Mutations in three genes have been implicated in these conditions :

- Hemizygous, de novo, 33-bp duplications in exon 2 of the ARX gene have been described in 3 unrelated male patients with early onset epileptic encephalopathy (Ohtahara syndrome) that evolved to West syndrome in two of them. This mutation is thought to cause the expansion of the original 16 alanine residues to 27 alanine residues in the first polyalanine tract of the ARX protein (Kato et al. 2007). ARX is a crucial gene for the development of interneurons in the fetal brain, and a polyalanine expansion in that gene causes mental retardation and seizures, including those of early epileptic encephalopathy in males (Kato et al. 2007). Clinical observations demonstrated the correlation between the length of the repeat and the severity of the clinical phenotype.

- A mutation of the GC1 gene has been described in a consanguineous Arab muslim family in Jerusalem with 4 affected sibs with early infantile epileptic encephalopathy. The Pro206Leu missense mutation was identified in three of them in the SLC25A22 (GC1) gene (Molinari et al. 2005). Proline-206 is highly conserved across species in the glutamate and aspartate/glutamate carriers of the SLC25A22 type, suggesting that this amino acid change may impair glutamate transport.

- In a Japanese girl with early infantile epileptic encephalopathy, Saitsu et al. identified a de novo heterozygous microdeletion in chromosome 9q33.3-q34.11 that included the MUNC18-1 gene. Screening of this gene in 13 additional unrelated patients with a similar phenotype identified 4 different heterozygous mutations in the MUNC18-1 gene in 4 patients. All mutations occurred in the hydrophobic core of the protein and were predicted to result in destabilization and disruption of protein structure. In vitro studies of the mutant proteins suggested a tendency for aggregation. The phenotype included infantile onset of tonic-clonic or tonic seizures, suppression-burst pattern on EEG, profound mental retardation, and MRI evidence of hypomyelination, without any brain malformation (Saitsu et al. 2008). In our cohort, we identified more than 20 STXBP1 mutations in EEP patients (Milh et al. 2011; Di Meglio et al. 2015).

  1. -In collaboration with a group in Germany, we were able to find mutations in the GRIN2A gene in a patient with a typical form of  EESB (Endele et al. 2010). GRIN2B encodes a subunit of the NMDA glutamate receptor. In addition to EESB, mutations in this gene cause milder forms of epilepsy. Other collaborations allowed us to contribute to the identification of mutations in the SLC13A5 (Thevenon et al. 2014) or more recently AP3B2 genes (Assoum et al. 2016).

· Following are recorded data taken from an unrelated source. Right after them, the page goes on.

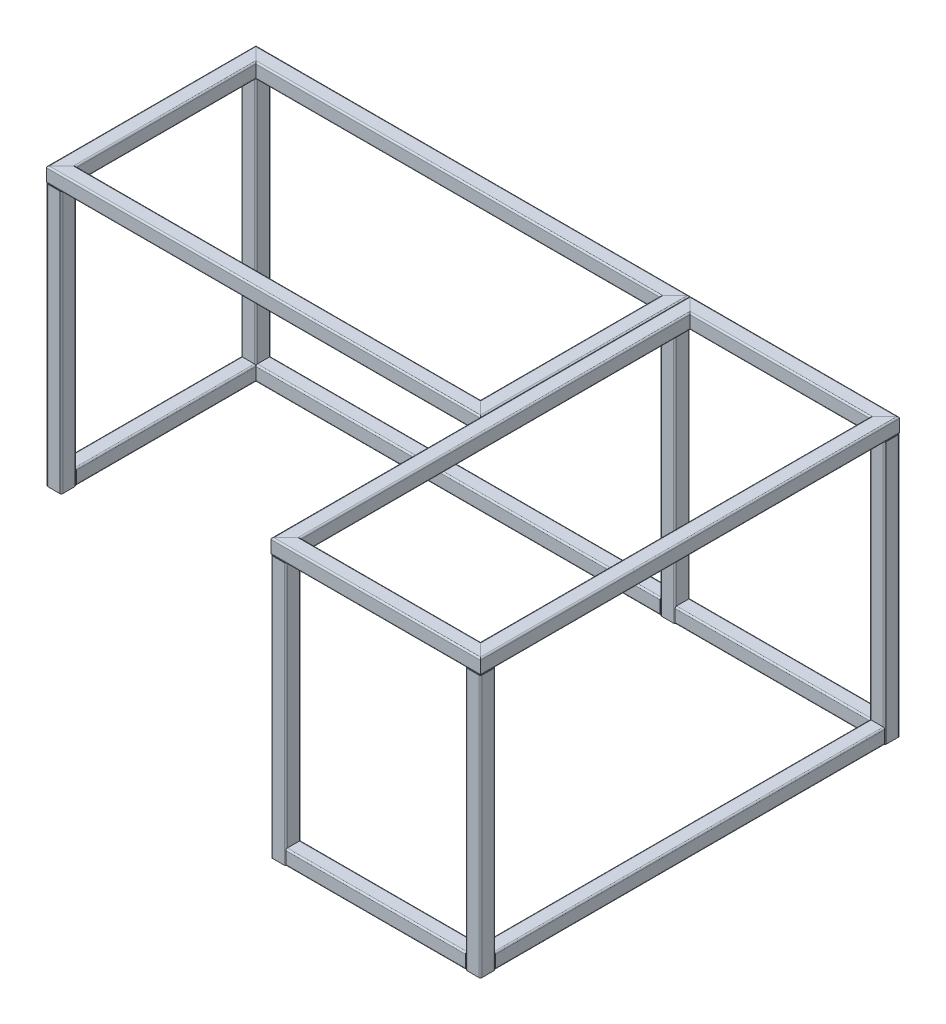
from build123d import *

# Parameters (mm, degrees)
SHS_C350_AS_40X40X2_0_SHS_C350_1_DEPTH      = 617.568542495
SHS_C350_AS_40X40X2_0_SHS_C350_1_DEPTH_BACK = 57.568542495
SHS_C350_AS_40X40X2_0_SHS_C350_1_2_DEPTH    = 1275.13708499
SHS_C350_AS_40X40X2_0_SHS_C350_1_3_DEPTH    = 675.13708499
SHS_C350_AS_40X40X2_0_SHS_C350_1_4_DEPTH    = 1275.13708499
SHS_C350_AS_40X40X2_0_SHS_C350_2_DEPTH      = 1177.568542495
SHS_C350_AS_40X40X2_0_SHS_C350_2_DEPTH_BACK = 57.568542495
SHS_C350_AS_40X40X2_0_SHS_C350_2_2_DEPTH    = 675.13708499
SHS_C350_AS_40X40X2_0_SHS_C350_2_3_DEPTH    = 1235.13708499
SHS_C350_AS_40X40X2_0_SHS_C350_2_4_DEPTH    = 675.13708499
SHS_START                                   = -740
SHS_C350_AS_40X40X2_0_SHS_C350_8_DEPTH      = 700
SHS_START_2                                 = -240
SHS_C350_AS_40X40X2_0_SHS_C350_8_2_DEPTH    = 480
SHS_START_3                                 = -540
SHS_C350_AS_40X40X2_0_SHS_C350_8_3_DEPTH    = 1080
SHS_START_4                                 = 580
SHS_C350_AS_40X40X2_0_SHS_C350_8_4_DEPTH    = 520
SHS_C350_AS_40X40X2_0_SHS_C350_8_5_DEPTH    = 1040
SHS_START_5                                 = 620
SHS_C350_AS_40X40X2_0_SHS_C350_8_6_DEPTH    = 480
SHS_C350_AS_40X40X2_0_SHS_C350_8_7_DEPTH    = 700
SHS_C350_AS_40X40X2_0_SHS_C350_8_8_DEPTH    = 700
SHS_C350_AS_40X40X2_0_SHS_C350_8_9_DEPTH    = 700
SHS_C350_AS_40X40X2_0_SHS_C350_8_10_DEPTH   = 700
SHS_C350_AS_40X40X2_0_SHS_C350_8_11_DEPTH   = 700


with BuildPart() as part:
    # Sketch11 → Shs c350 as 40X40X2.0 SHS C350(1) (new, two sides: drawn at the far end of the back side and taken through both)
    with BuildSketch(Plane(origin=(-560, -20, 280), x_dir=(-1, 0, 0), z_dir=(0, 0, -1)).offset(-SHS_C350_AS_40X40X2_0_SHS_C350_1_DEPTH_BACK)):
        with BuildLine():
            Line((-16, -20), (16, -20))
            ThreePointArc((16, -20), (18.828427125, -18.828427125), (20, -16))
            Line((20, -16), (20, 16))
            ThreePointArc((20, 16), (18.828427125, 18.828427125), (16, 20))
            Line((16, 20), (-16, 20))
            ThreePointArc((-16, 20), (-18.828427125, 18.828427125), (-20, 16))
            Line((-20, 16), (-20, -16))
            ThreePointArc((-20, -16), (-18.828427125, -18.828427125), (-16, -20))
        make_face()
        with BuildLine():
            Line((-16, 18), (16, 18))
            ThreePointArc((16, 18), (17.414213562, 17.414213562), (18, 16))
            Line((18, 16), (18, -16))
            ThreePointArc((18, -16), (17.414213562, -17.414213562), (16, -18))
            Line((16, -18), (-16, -18))
            ThreePointArc((-16, -18), (-17.414213562, -17.414213562), (-18, -16))
            Line((-18, -16), (-18, 16))
            ThreePointArc((-18, 16), (-17.414213562, 17.414213562), (-16, 18))
        make_face(mode=Mode.SUBTRACT)
    extrude(amount=SHS_C350_AS_40X40X2_0_SHS_C350_1_DEPTH + SHS_C350_AS_40X40X2_0_SHS_C350_1_DEPTH_BACK)

    # Shs c350 as 40X40X2.0 SHS C350(1) mitre 1
    split(bisect_by=Plane(origin=(-580, 0, 280), x_dir=(0, -1, 0), z_dir=(-0.707106781, 0, -0.707106781)), keep=Keep.TOP)

    # Shs c350 as 40X40X2.0 SHS C350(1) mitre 2
    split(bisect_by=Plane(origin=(-580, 0, -280), x_dir=(0, -1, 0), z_dir=(-0.707106781, 0, 0.707106781)), keep=Keep.TOP)


with BuildPart() as body_2:
    # Sketch11 on segment 2 (carried to segment 2) → Shs c350 as 40X40X2.0 SHS C350_1 2 (new body)
    with BuildSketch(Plane(origin=(-637.568542495, -20, -260), x_dir=(0, 0, -1), z_dir=(1, 0, 0))):
        with BuildLine():
            Line((-16, -20), (16, -20))
            ThreePointArc((16, -20), (18.828427125, -18.828427125), (20, -16))
            Line((20, -16), (20, 16))
            ThreePointArc((20, 16), (18.828427125, 18.828427125), (16, 20))
            Line((16, 20), (-16, 20))
            ThreePointArc((-16, 20), (-18.828427125, 18.828427125), (-20, 16))
            Line((-20, 16), (-20, -16))
            ThreePointArc((-20, -16), (-18.828427125, -18.828427125), (-16, -20))
        make_face()
        with BuildLine():
            Line((-16, 18), (16, 18))
            ThreePointArc((16, 18), (17.414213562, 17.414213562), (18, 16))
            Line((18, 16), (18, -16))
            ThreePointArc((18, -16), (17.414213562, -17.414213562), (16, -18))
            Line((16, -18), (-16, -18))
            ThreePointArc((-16, -18), (-17.414213562, -17.414213562), (-18, -16))
            Line((-18, -16), (-18, 16))
            ThreePointArc((-18, 16), (-17.414213562, 17.414213562), (-16, 18))
        make_face(mode=Mode.SUBTRACT)
    extrude(amount=SHS_C350_AS_40X40X2_0_SHS_C350_1_2_DEPTH)

    # Shs c350 as 40X40X2.0 SHS C350_1 2 mitre
    split(bisect_by=Plane(origin=(-580, 0, -280), x_dir=(0, 1, 0), z_dir=(0.707106781, 0, -0.707106781)), keep=Keep.TOP)

    # Shs c350 as 40X40X2.0 SHS C350_1 2 m 2
    split(bisect_by=Plane(origin=(580, 0, -280), x_dir=(0, -1, 0), z_dir=(-0.707106781, 0, -0.707106781)), keep=Keep.TOP)


with BuildPart() as body_3:
    # Sketch11 on segment 3 (carried to segment 3) → Shs c350 as 40X40X2.0 SHS C350_1 3 (new body)
    with BuildSketch(Plane(origin=(560, -20, -337.568542495), x_dir=(1, 0, 0), z_dir=(0, 0, 1))):
        with BuildLine():
            Line((-16, -20), (16, -20))
            ThreePointArc((16, -20), (18.828427125, -18.828427125), (20, -16))
            Line((20, -16), (20, 16))
            ThreePointArc((20, 16), (18.828427125, 18.828427125), (16, 20))
            Line((16, 20), (-16, 20))
            ThreePointArc((-16, 20), (-18.828427125, 18.828427125), (-20, 16))
            Line((-20, 16), (-20, -16))
            ThreePointArc((-20, -16), (-18.828427125, -18.828427125), (-16, -20))
        make_face()
        with BuildLine():
            Line((-16, 18), (16, 18))
            ThreePointArc((16, 18), (17.414213562, 17.414213562), (18, 16))
            Line((18, 16), (18, -16))
            ThreePointArc((18, -16), (17.414213562, -17.414213562), (16, -18))
            Line((16, -18), (-16, -18))
            ThreePointArc((-16, -18), (-17.414213562, -17.414213562), (-18, -16))
            Line((-18, -16), (-18, 16))
            ThreePointArc((-18, 16), (-17.414213562, 17.414213562), (-16, 18))
        make_face(mode=Mode.SUBTRACT)
    extrude(amount=SHS_C350_AS_40X40X2_0_SHS_C350_1_3_DEPTH)

    # Shs c350 as 40X40X2.0 SHS C350_1 3 mitre
    split(bisect_by=Plane(origin=(580, 0, 280), x_dir=(0, 1, 0), z_dir=(0.707106781, 0, -0.707106781)), keep=Keep.TOP)

    # Shs c350 as 40X40X2.0 SHS C350_1 3 m 2
    split(bisect_by=Plane(origin=(580, 0, -280), x_dir=(0, 1, 0), z_dir=(0.707106781, 0, 0.707106781)), keep=Keep.TOP)


with BuildPart() as body_4:
    # Sketch11 on segment 4 (carried to segment 4) → Shs c350 as 40X40X2.0 SHS C350_1 4 (new body)
    with BuildSketch(Plane(origin=(637.568542495, -20, 260), x_dir=(0, 0, 1), z_dir=(-1, 0, 0))):
        with BuildLine():
            Line((-16, -20), (16, -20))
            ThreePointArc((16, -20), (18.828427125, -18.828427125), (20, -16))
            Line((20, -16), (20, 16))
            ThreePointArc((20, 16), (18.828427125, 18.828427125), (16, 20))
            Line((16, 20), (-16, 20))
            ThreePointArc((-16, 20), (-18.828427125, 18.828427125), (-20, 16))
            Line((-20, 16), (-20, -16))
            ThreePointArc((-20, -16), (-18.828427125, -18.828427125), (-16, -20))
        make_face()
        with BuildLine():
            Line((-16, 18), (16, 18))
            ThreePointArc((16, 18), (17.414213562, 17.414213562), (18, 16))
            Line((18, 16), (18, -16))
            ThreePointArc((18, -16), (17.414213562, -17.414213562), (16, -18))
            Line((16, -18), (-16, -18))
            ThreePointArc((-16, -18), (-17.414213562, -17.414213562), (-18, -16))
            Line((-18, -16), (-18, 16))
            ThreePointArc((-18, 16), (-17.414213562, 17.414213562), (-16, 18))
        make_face(mode=Mode.SUBTRACT)
    extrude(amount=SHS_C350_AS_40X40X2_0_SHS_C350_1_4_DEPTH)

    # Shs c350 as 40X40X2.0 SHS C350_1 4 mitre
    split(bisect_by=Plane(origin=(-580, 0, 280), x_dir=(0, 1, 0), z_dir=(0.707106781, 0, 0.707106781)), keep=Keep.TOP)

    # Shs c350 as 40X40X2.0 SHS C350_1 4 m 2
    split(bisect_by=Plane(origin=(580, 0, 280), x_dir=(0, -1, 0), z_dir=(-0.707106781, 0, 0.707106781)), keep=Keep.TOP)


with BuildPart() as body_5:
    # Sketch12 → Shs c350 as 40X40X2.0 SHS C350(2) (new, two sides: drawn at the far end of the back side and taken through both)
    with BuildSketch(Plane(origin=(600, -20, -280), x_dir=(1, 0, 0), z_dir=(0, 0, 1)).offset(-SHS_C350_AS_40X40X2_0_SHS_C350_2_DEPTH_BACK)):
        with BuildLine():
            Line((-16, -20), (16, -20))
            ThreePointArc((16, -20), (18.828427125, -18.828427125), (20, -16))
            Line((20, -16), (20, 16))
            ThreePointArc((20, 16), (18.828427125, 18.828427125), (16, 20))
            Line((16, 20), (-16, 20))
            ThreePointArc((-16, 20), (-18.828427125, 18.828427125), (-20, 16))
            Line((-20, 16), (-20, -16))
            ThreePointArc((-20, -16), (-18.828427125, -18.828427125), (-16, -20))
        make_face()
        with BuildLine():
            Line((-16, 18), (16, 18))
            ThreePointArc((16, 18), (17.414213562, 17.414213562), (18, 16))
            Line((18, 16), (18, -16))
            ThreePointArc((18, -16), (17.414213562, -17.414213562), (16, -18))
            Line((16, -18), (-16, -18))
            ThreePointArc((-16, -18), (-17.414213562, -17.414213562), (-18, -16))
            Line((-18, -16), (-18, 16))
            ThreePointArc((-18, 16), (-17.414213562, 17.414213562), (-16, 18))
        make_face(mode=Mode.SUBTRACT)
    extrude(amount=SHS_C350_AS_40X40X2_0_SHS_C350_2_DEPTH + SHS_C350_AS_40X40X2_0_SHS_C350_2_DEPTH_BACK)

    # Shs c350 as 40X40X2.0 SHS C350(2) mitre 1
    split(bisect_by=Plane(origin=(580, 0, -280), x_dir=(0, -1, 0), z_dir=(-0.707106781, 0, 0.707106781)), keep=Keep.TOP)

    # Shs c350 as 40X40X2.0 SHS C350(2) mitre 2
    split(bisect_by=Plane(origin=(580, 0, 840), x_dir=(0, -1, 0), z_dir=(-0.707106781, 0, -0.707106781)), keep=Keep.TOP)


with BuildPart() as body_6:
    # Sketch12 on segment 2 (carried to segment 2) → Shs c350 as 40X40X2.0 SHS C350_2 2 (new body)
    with BuildSketch(Plane(origin=(522.431457505, -20, 820), x_dir=(0, 0, -1), z_dir=(1, 0, 0))):
        with BuildLine():
            Line((-16, -20), (16, -20))
            ThreePointArc((16, -20), (18.828427125, -18.828427125), (20, -16))
            Line((20, -16), (20, 16))
            ThreePointArc((20, 16), (18.828427125, 18.828427125), (16, 20))
            Line((16, 20), (-16, 20))
            ThreePointArc((-16, 20), (-18.828427125, 18.828427125), (-20, 16))
            Line((-20, 16), (-20, -16))
            ThreePointArc((-20, -16), (-18.828427125, -18.828427125), (-16, -20))
        make_face()
        with BuildLine():
            Line((-16, 18), (16, 18))
            ThreePointArc((16, 18), (17.414213562, 17.414213562), (18, 16))
            Line((18, 16), (18, -16))
            ThreePointArc((18, -16), (17.414213562, -17.414213562), (16, -18))
            Line((16, -18), (-16, -18))
            ThreePointArc((-16, -18), (-17.414213562, -17.414213562), (-18, -16))
            Line((-18, -16), (-18, 16))
            ThreePointArc((-18, 16), (-17.414213562, 17.414213562), (-16, 18))
        make_face(mode=Mode.SUBTRACT)
    extrude(amount=SHS_C350_AS_40X40X2_0_SHS_C350_2_2_DEPTH)

    # Shs c350 as 40X40X2.0 SHS C350_2 2 mitre
    split(bisect_by=Plane(origin=(580, 0, 840), x_dir=(0, 1, 0), z_dir=(0.707106781, 0, 0.707106781)), keep=Keep.TOP)

    # Shs c350 as 40X40X2.0 SHS C350_2 2 m 2
    split(bisect_by=Plane(origin=(1140, 0, 840), x_dir=(0, -1, 0), z_dir=(-0.707106781, 0, 0.707106781)), keep=Keep.TOP)


with BuildPart() as body_7:
    # Sketch12 on segment 3 (carried to segment 3) → Shs c350 as 40X40X2.0 SHS C350_2 3 (new body)
    with BuildSketch(Plane(origin=(1120, -20, 897.568542495), x_dir=(-1, 0, 0), z_dir=(0, 0, -1))):
        with BuildLine():
            Line((-16, -20), (16, -20))
            ThreePointArc((16, -20), (18.828427125, -18.828427125), (20, -16))
            Line((20, -16), (20, 16))
            ThreePointArc((20, 16), (18.828427125, 18.828427125), (16, 20))
            Line((16, 20), (-16, 20))
            ThreePointArc((-16, 20), (-18.828427125, 18.828427125), (-20, 16))
            Line((-20, 16), (-20, -16))
            ThreePointArc((-20, -16), (-18.828427125, -18.828427125), (-16, -20))
        make_face()
        with BuildLine():
            Line((-16, 18), (16, 18))
            ThreePointArc((16, 18), (17.414213562, 17.414213562), (18, 16))
            Line((18, 16), (18, -16))
            ThreePointArc((18, -16), (17.414213562, -17.414213562), (16, -18))
            Line((16, -18), (-16, -18))
            ThreePointArc((-16, -18), (-17.414213562, -17.414213562), (-18, -16))
            Line((-18, -16), (-18, 16))
            ThreePointArc((-18, 16), (-17.414213562, 17.414213562), (-16, 18))
        make_face(mode=Mode.SUBTRACT)
    extrude(amount=SHS_C350_AS_40X40X2_0_SHS_C350_2_3_DEPTH)

    # Shs c350 as 40X40X2.0 SHS C350_2 3 mitre
    split(bisect_by=Plane(origin=(1140, 0, -280), x_dir=(0, 1, 0), z_dir=(0.707106781, 0, 0.707106781)), keep=Keep.TOP)

    # Shs c350 as 40X40X2.0 SHS C350_2 3 m 2
    split(bisect_by=Plane(origin=(1140, 0, 840), x_dir=(0, 1, 0), z_dir=(0.707106781, 0, -0.707106781)), keep=Keep.TOP)


with BuildPart() as body_8:
    # Sketch12 on segment 4 (carried to segment 4) → Shs c350 as 40X40X2.0 SHS C350_2 4 (new body)
    with BuildSketch(Plane(origin=(1197.568542495, -20, -260), x_dir=(0, 0, 1), z_dir=(-1, 0, 0))):
        with BuildLine():
            Line((-16, -20), (16, -20))
            ThreePointArc((16, -20), (18.828427125, -18.828427125), (20, -16))
            Line((20, -16), (20, 16))
            ThreePointArc((20, 16), (18.828427125, 18.828427125), (16, 20))
            Line((16, 20), (-16, 20))
            ThreePointArc((-16, 20), (-18.828427125, 18.828427125), (-20, 16))
            Line((-20, 16), (-20, -16))
            ThreePointArc((-20, -16), (-18.828427125, -18.828427125), (-16, -20))
        make_face()
        with BuildLine():
            Line((-16, 18), (16, 18))
            ThreePointArc((16, 18), (17.414213562, 17.414213562), (18, 16))
            Line((18, 16), (18, -16))
            ThreePointArc((18, -16), (17.414213562, -17.414213562), (16, -18))
            Line((16, -18), (-16, -18))
            ThreePointArc((-16, -18), (-17.414213562, -17.414213562), (-18, -16))
            Line((-18, -16), (-18, 16))
            ThreePointArc((-18, 16), (-17.414213562, 17.414213562), (-16, 18))
        make_face(mode=Mode.SUBTRACT)
    extrude(amount=SHS_C350_AS_40X40X2_0_SHS_C350_2_4_DEPTH)

    # Shs c350 as 40X40X2.0 SHS C350_2 4 mitre
    split(bisect_by=Plane(origin=(580, 0, -280), x_dir=(0, 1, 0), z_dir=(0.707106781, 0, -0.707106781)), keep=Keep.TOP)

    # Shs c350 as 40X40X2.0 SHS C350_2 4 m 2
    split(bisect_by=Plane(origin=(1140, 0, -280), x_dir=(0, -1, 0), z_dir=(-0.707106781, 0, -0.707106781)), keep=Keep.TOP)


with BuildPart() as body_9:
    # Shs c350 as 40X40X2.0 SHS C350(8): read off the stored shape, not the designer's step
    # Shs c350 as 40X40X2.0 SHS C350(8) outline → Shs c350 as 40X40X2.0 SHS C350(8) (new body)
    with BuildSketch(Plane(origin=(0, 0, 0), x_dir=(1, 0, 0), z_dir=(0, 1, 0)).offset(SHS_START)):
        with BuildLine():
            Line((-576, -280), (-544, -280))
            ThreePointArc((-544, -280), (-541.171572875, -278.828427125), (-540, -276))
            Line((-540, -276), (-540, -244))
            ThreePointArc((-540, -244), (-541.171572875, -241.171572875), (-544, -240))
            Line((-544, -240), (-576, -240))
            ThreePointArc((-576, -240), (-578.828427125, -241.171572875), (-580, -244))
            Line((-580, -244), (-580, -276))
            ThreePointArc((-580, -276), (-578.828427125, -278.828427125), (-576, -280))
        make_face()
        with BuildLine():
            ThreePointArc((-576, -278), (-577.414213562, -277.414213562), (-578, -276))
            Line((-578, -276), (-578, -244))
            ThreePointArc((-578, -244), (-577.414213562, -242.585786438), (-576, -242))
            Line((-576, -242), (-544, -242))
            ThreePointArc((-544, -242), (-542.585786438, -242.585786438), (-542, -244))
            Line((-542, -244), (-542, -276))
            ThreePointArc((-542, -276), (-542.585786438, -277.414213562), (-544, -278))
            Line((-544, -278), (-576, -278))
        make_face(mode=Mode.SUBTRACT)
    extrude(amount=SHS_C350_AS_40X40X2_0_SHS_C350_8_DEPTH)


with BuildPart() as body_10:
    # Shs c350 as 40X40X2.0 SHS C350_8 2 outli → Shs c350 as 40X40X2.0 SHS C350_8 2 (new body)
    with BuildSketch(Plane.XY.offset(SHS_START_2)):
        with BuildLine():
            Line((-540, -736), (-540, -704))
            ThreePointArc((-540, -704), (-541.171572875, -701.171572875), (-544, -700))
            Line((-544, -700), (-576, -700))
            ThreePointArc((-576, -700), (-578.828427125, -701.171572875), (-580, -704))
            Line((-580, -704), (-580, -736))
            ThreePointArc((-580, -736), (-578.828427125, -738.828427125), (-576, -740))
            Line((-576, -740), (-544, -740))
            ThreePointArc((-544, -740), (-541.171572875, -738.828427125), (-540, -736))
        make_face()
        with BuildLine():
            ThreePointArc((-544, -702), (-542.585786438, -702.585786438), (-542, -704))
            Line((-542, -704), (-542, -736))
            ThreePointArc((-542, -736), (-542.585786438, -737.414213562), (-544, -738))
            Line((-544, -738), (-576, -738))
            ThreePointArc((-576, -738), (-577.414213562, -737.414213562), (-578, -736))
            Line((-578, -736), (-578, -704))
            ThreePointArc((-578, -704), (-577.414213562, -702.585786438), (-576, -702))
            Line((-576, -702), (-544, -702))
        make_face(mode=Mode.SUBTRACT)
    extrude(amount=SHS_C350_AS_40X40X2_0_SHS_C350_8_2_DEPTH)


with BuildPart() as body_11:
    # Shs c350 as 40X40X2.0 SHS C350_8 3 outli → Shs c350 as 40X40X2.0 SHS C350_8 3 (new body)
    with BuildSketch(Plane.YZ.offset(SHS_START_3)):
        with BuildLine():
            ThreePointArc((-700, -244), (-701.171572875, -241.171572875), (-704, -240))
            Line((-704, -240), (-736, -240))
            ThreePointArc((-736, -240), (-738.828427125, -241.171572875), (-740, -244))
            Line((-740, -244), (-740, -276))
            ThreePointArc((-740, -276), (-738.828427125, -278.828427125), (-736, -280))
            Line((-736, -280), (-704, -280))
            ThreePointArc((-704, -280), (-701.171572875, -278.828427125), (-700, -276))
            Line((-700, -276), (-700, -244))
        make_face()
        with BuildLine():
            Line((-736, -242), (-704, -242))
            ThreePointArc((-704, -242), (-702.585786438, -242.585786438), (-702, -244))
            Line((-702, -244), (-702, -276))
            ThreePointArc((-702, -276), (-702.585786438, -277.414213562), (-704, -278))
            Line((-704, -278), (-736, -278))
            ThreePointArc((-736, -278), (-737.414213562, -277.414213562), (-738, -276))
            Line((-738, -276), (-738, -244))
            ThreePointArc((-738, -244), (-737.414213562, -242.585786438), (-736, -242))
        make_face(mode=Mode.SUBTRACT)
    extrude(amount=SHS_C350_AS_40X40X2_0_SHS_C350_8_3_DEPTH)


with BuildPart() as body_12:
    # Shs c350 as 40X40X2.0 SHS C350_8 4 outli → Shs c350 as 40X40X2.0 SHS C350_8 4 (new body)
    with BuildSketch(Plane.YZ.offset(SHS_START_4)):
        with BuildLine():
            Line((-700, -276), (-700, -244))
            ThreePointArc((-700, -244), (-701.171572875, -241.171572875), (-704, -240))
            Line((-704, -240), (-736, -240))
            ThreePointArc((-736, -240), (-738.828427125, -241.171572875), (-740, -244))
            Line((-740, -244), (-740, -276))
            ThreePointArc((-740, -276), (-738.828427125, -278.828427125), (-736, -280))
            Line((-736, -280), (-704, -280))
            ThreePointArc((-704, -280), (-701.171572875, -278.828427125), (-700, -276))
        make_face()
        with BuildLine():
            ThreePointArc((-738, -244), (-737.414213562, -242.585786438), (-736, -242))
            Line((-736, -242), (-704, -242))
            ThreePointArc((-704, -242), (-702.585786438, -242.585786438), (-702, -244))
            Line((-702, -244), (-702, -276))
            ThreePointArc((-702, -276), (-702.585786438, -277.414213562), (-704, -278))
            Line((-704, -278), (-736, -278))
            ThreePointArc((-736, -278), (-737.414213562, -277.414213562), (-738, -276))
            Line((-738, -276), (-738, -244))
        make_face(mode=Mode.SUBTRACT)
    extrude(amount=SHS_C350_AS_40X40X2_0_SHS_C350_8_4_DEPTH)


with BuildPart() as body_13:
    # Shs c350 as 40X40X2.0 SHS C350_8 5 outli → Shs c350 as 40X40X2.0 SHS C350_8 5 (new body)
    with BuildSketch(Plane.XY.offset(SHS_START_2)):
        with BuildLine():
            ThreePointArc((1104, -700), (1101.171572875, -701.171572875), (1100, -704))
            Line((1100, -704), (1100, -736))
            ThreePointArc((1100, -736), (1101.171572875, -738.828427125), (1104, -740))
            Line((1104, -740), (1136, -740))
            ThreePointArc((1136, -740), (1138.828427125, -738.828427125), (1140, -736))
            Line((1140, -736), (1140, -704))
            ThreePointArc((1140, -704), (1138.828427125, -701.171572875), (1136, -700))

  2. -Recently, de novo KCNQ2 mutations have been found in several patients with an EOEE (Weckhuysen et al. 2012; Kato et al. 2013). Screening KCNQ2 in our cohort led to the identification of >30 patients in whom the gene was mutated de novo and 6 additional patients in which a mutation was found but in whom parental origin could not be determined. This is the largest series of patients to date (Milh et al. 2013; Milh et al. 2015).


=> In 2017, mutations in >100 genes can cause early onset epileptic encephalopathy. This is the reason why we develop a strategy using « gene panels », currently being used by our group in collaboration with the department of medical genetics in La Timone Children’s Hospital.